Ao serviço já de William Conyngham, Murphy veio a Portugal desenhar o Mosteiro da Batalha, em 1788. Embarcou em Dublin, a 27 de dezembro desse ano, e desembarcou no Porto, no dia 8 de janeiro de 1789. Aí obteve carta de apresentação de um comerciante da colónia inglesa ao Prior da Batalha, fazendo uma jornada de 7 dias até ao Mosteiro, onde chegou a 29 de janeiro. Aqui residiu durante treze semanas, que ocupou a medir e desenhar exaustivamente o edifício. Seguiu-se um périplo pelo País, durante o restante ano de 1789, que terminou em Évora. Em 1790, Murphy regressa à sua pátria, onde começa a preparar a publicação dos desenhos, acompanhados de uma introdução teórica em que discute os fundamentos da arquitetura gótica, bem como da tradução de uma parte da História de S. Domingos de Frei Luís de Sousa. A sua obra, intitulada Plans, Elevations, Sections and Views of the the Church of Batalha, foi publicada em fascículos, entre 1792 e 1795, obtendo pronta aceitação por parte de um exigente público que é conhecido, em grande parte, pelas listas de assinantes publicadas no final dos fascículos. Entre eles contavam-se o príncipe regente português e os monarcas britânicos, Horace Walpole, James Wyatt, William Beckford, e, naturalmente, William Conyngham e o Mosteiro da Batalha. O livro de Murphy seria o primeiro de uma série de levantamentos rigorosos publicados sobre edifícios góticos, desta vez ingleses, que correspondeu ao interesse nascente pelo conhecimento profundo da sua arquitetura, com o objetivo de projetar usando os seus princípios formais, ou mesmo de empreender o respetivo restauro. Com a publicação de Plans, Elevations, Sections, etc., consolidava-se também o prestígio do seu mecenas, W. Conyngham, junto da Royal Antiquary Society of London, a que entretanto fora admitido em 1790.

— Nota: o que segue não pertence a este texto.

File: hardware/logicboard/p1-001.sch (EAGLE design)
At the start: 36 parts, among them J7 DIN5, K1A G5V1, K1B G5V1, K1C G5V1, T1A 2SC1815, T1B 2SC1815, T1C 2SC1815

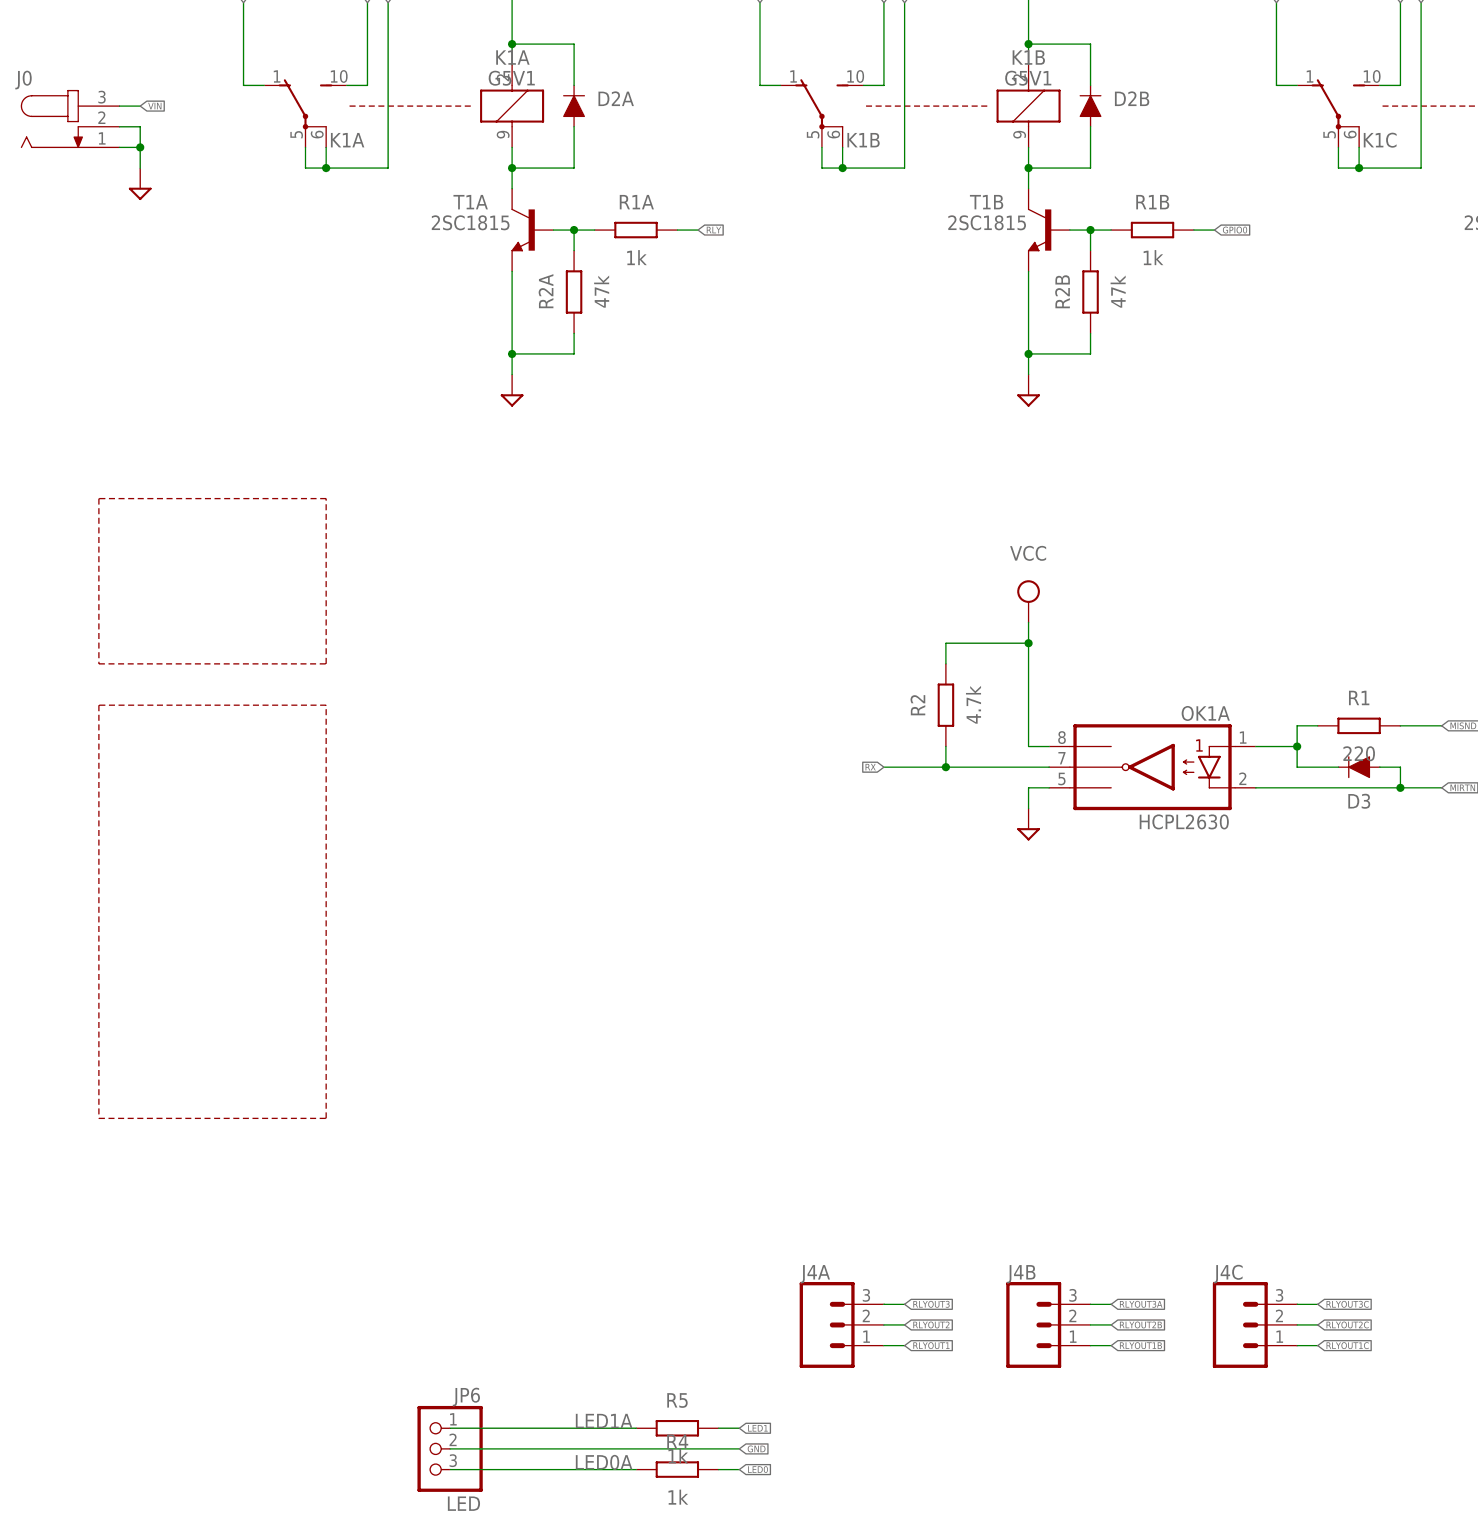
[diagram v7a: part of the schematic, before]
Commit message: Fixed signaling error.
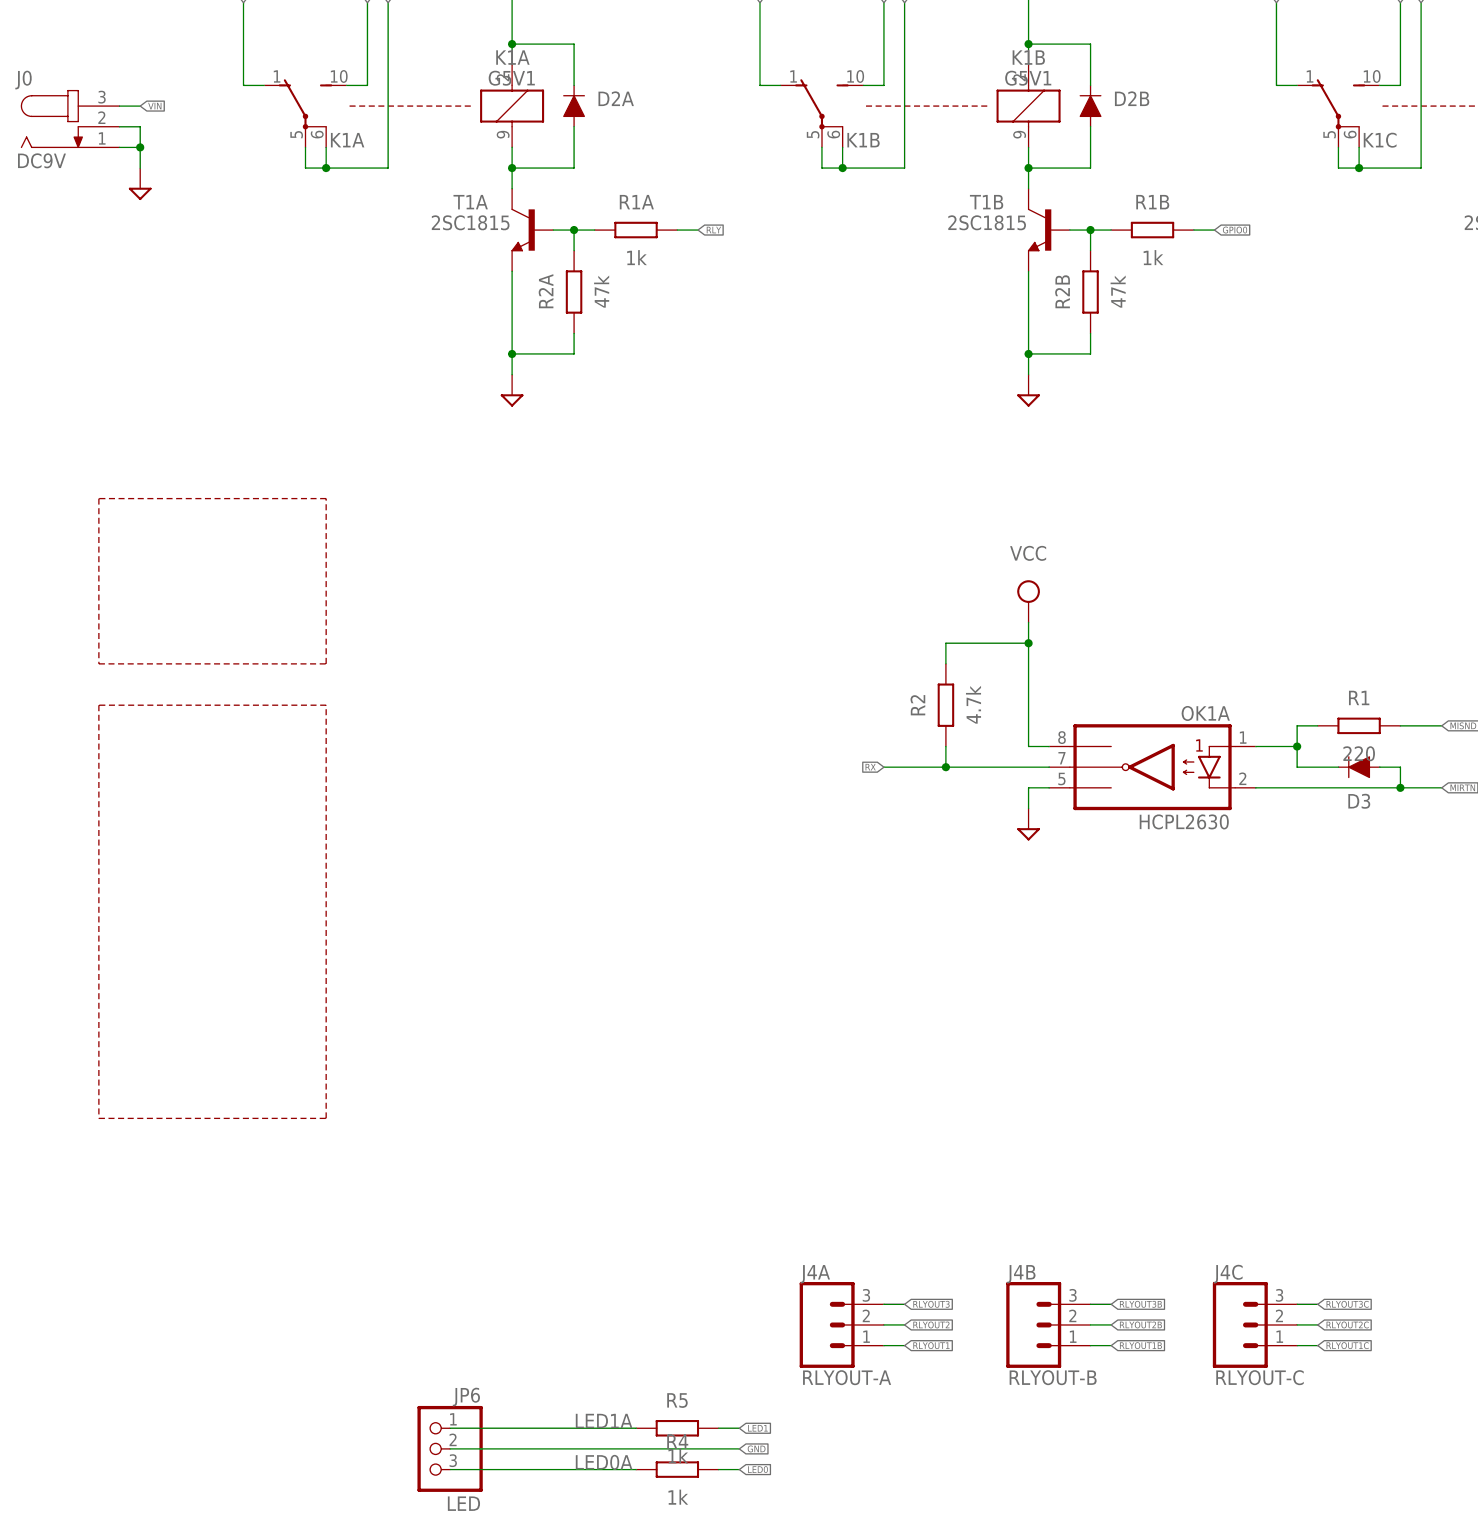
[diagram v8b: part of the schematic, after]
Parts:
- J0: value (none) -> DC9V
- J4A: value (none) -> RLYOUT-A
- J4B: value (none) -> RLYOUT-B
- J4C: value (none) -> RLYOUT-C
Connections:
- removed net RLYOUT3A: J4B.3
- net RLYOUT3B: now also J4B.3
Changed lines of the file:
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@@
 <part name="SUPPLY1" library="supply2" deviceset="GND" device=""/>
 <part name="J7" library="SparkFun-Connectors" library_urn="urn:adsk.eagle:library:513" deviceset="DIN5" device="" package3d_urn="urn:adsk.eagle:package:38294/1"/>
-<part name="J0" library="con-jack" library_urn="urn:adsk.eagle:library:154" deviceset="JACK-PLUG" device="0" package3d_urn="urn:adsk.eagle:package:7492/1"/>
+<part name="J0" library="con-jack" library_urn="urn:adsk.eagle:library:154" deviceset="JACK-PLUG" device="0" package3d_urn="urn:adsk.eagle:package:7492/1" value="DC9V"/>
 <part name="R4" library="resistor" library_urn="urn:adsk.eagle:library:348" deviceset="R-EU_" device="0204/5" package3d_urn="urn:adsk.eagle:package:23488/1" value="1k"/>
 <part name="R5" library="resistor" library_urn="urn:adsk.eagle:library:348" deviceset="R-EU_" device="0204/5" package3d_urn="urn:adsk.eagle:package:23488/1" value="1k"/>
@@
 <part name="SUPPLY9" library="supply2" library_urn="urn:adsk.eagle:library:372" deviceset="VCC" device=""/>
 <part name="SUPPLY10" library="supply2" library_urn="urn:adsk.eagle:library:372" deviceset="VCC" device=""/>
-<part name="J4A" library="SparkFun-Connectors" library_urn="urn:adsk.eagle:library:513" deviceset="CONN_03" device="JST-PTH" package3d_urn="urn:adsk.eagle:package:38069/1"/>
+<part name="J4A" library="SparkFun-Connectors" library_urn="urn:adsk.eagle:library:513" deviceset="CONN_03" device="JST-PTH" package3d_urn="urn:adsk.eagle:package:38069/1" value="RLYOUT-A"/>
 <part name="R1" library="resistor" library_urn="urn:adsk.eagle:library:348" deviceset="R-EU_" device="0204/5" package3d_urn="urn:adsk.eagle:package:23488/1" value="220"/>
 <part name="R2" library="resistor" library_urn="urn:adsk.eagle:library:348" deviceset="R-EU_" device="0204/5" package3d_urn="urn:adsk.eagle:package:23488/1" value="4.7k"/>
@@
 <part name="SUPPLY14" library="supply2" deviceset="GND" device=""/>
 <part name="SUPPLY15" library="supply2" library_urn="urn:adsk.eagle:library:372" deviceset="VCC" device=""/>
-<part name="J4B" library="SparkFun-Connectors" library_urn="urn:adsk.eagle:library:513" deviceset="CONN_03" device="JST-PTH" package3d_urn="urn:adsk.eagle:package:38069/1"/>
-<part name="J4C" library="SparkFun-Connectors" library_urn="urn:adsk.eagle:library:513" deviceset="CONN_03" device="JST-PTH" package3d_urn="urn:adsk.eagle:package:38069/1"/>
+<part name="J4B" library="SparkFun-Connectors" library_urn="urn:adsk.eagle:library:513" deviceset="CONN_03" device="JST-PTH" package3d_urn="urn:adsk.eagle:package:38069/1" value="RLYOUT-B"/>
+<part name="J4C" library="SparkFun-Connectors" library_urn="urn:adsk.eagle:library:513" deviceset="CONN_03" device="JST-PTH" package3d_urn="urn:adsk.eagle:package:38069/1" value="RLYOUT-C"/>
 </parts>
 <sheets>
@@
 </segment>
 </net>
-<net name="RLYOUT3A" class="0">
-<segment>
-<pinref part="J4B" gate="J$1" pin="3"/>
-<wire x1="144.78" y1="53.34" x2="147.32" y2="53.34" width="0.1524" layer="91"/>
-<label x="147.32" y="53.34" size="0.8128" layer="95" xref="yes"/>
-</segment>
-</net>
 <net name="RLYOUT1B" class="0">
 <segment>
@@
 <label x="104.14" y="213.36" size="0.8128" layer="95" rot="R90" xref="yes"/>
 </segment>
-</net>
+<segment>
+<pinref part="J4B" gate="J$1" pin="3"/>
+<wire x1="144.78" y1="53.34" x2="147.32" y2="53.34" width="0.1524" layer="91"/>
+<label x="147.32" y="53.34" size="0.8128" layer="95" xref="yes"/>
+</segment>
+</net>

Ainda em 1795, James Murphy dá à estampa Travels in Portugal, um diário ilustrado da sua viagem a Portugal, que, juntamente com o grande álbum que vinha a editar desde 1792, lhe deve ter trazido algum desafogo nos anos que se seguiram. Sabe-se que em 1799 voltou a estar em Portugal, procurando alimentar um projeto de levantamento de outros edifícios antigos, para o qual ainda em 1801 procurava – sem sucesso – um mecenas. Nesta última data, encontrava-se em dificuldades económicas que acabaram por o levar até Espanha, onde, entre Sevilha e Córdova, recolheria material para dois outros projetos editoriais, concretizados ainda em vida, desta feita sobre antiguidades e história da Espanha árabe.

Geralmente acusado de escritor deficitário, a que não terá sido alheia a circunstância irónica de ter sido o próprio a afirmá-lo em primeiro lugar, temos que reconhecer diversos méritos a este homem extraordinário. O primeiro de todos foi projetar o conhecimento do Mosteiro da Batalha na Europa do seu tempo; o segundo, registar edifícios conventuais que o tornam fonte única para o conhecimento de um mosteiro totalmente reconfigurado no séc. XIX, com a demolição de numerosos edifícios maneiristas; o terceiro foi proporcionar-nos informação escrita sobre a comunidade da Batalha e a sua vida no espaço conventual. Curiosamente, quem o apelidou de “enfadonho arquiteto” foi quem mais se serviu – sem o dizer – da sua inestimável contribuição.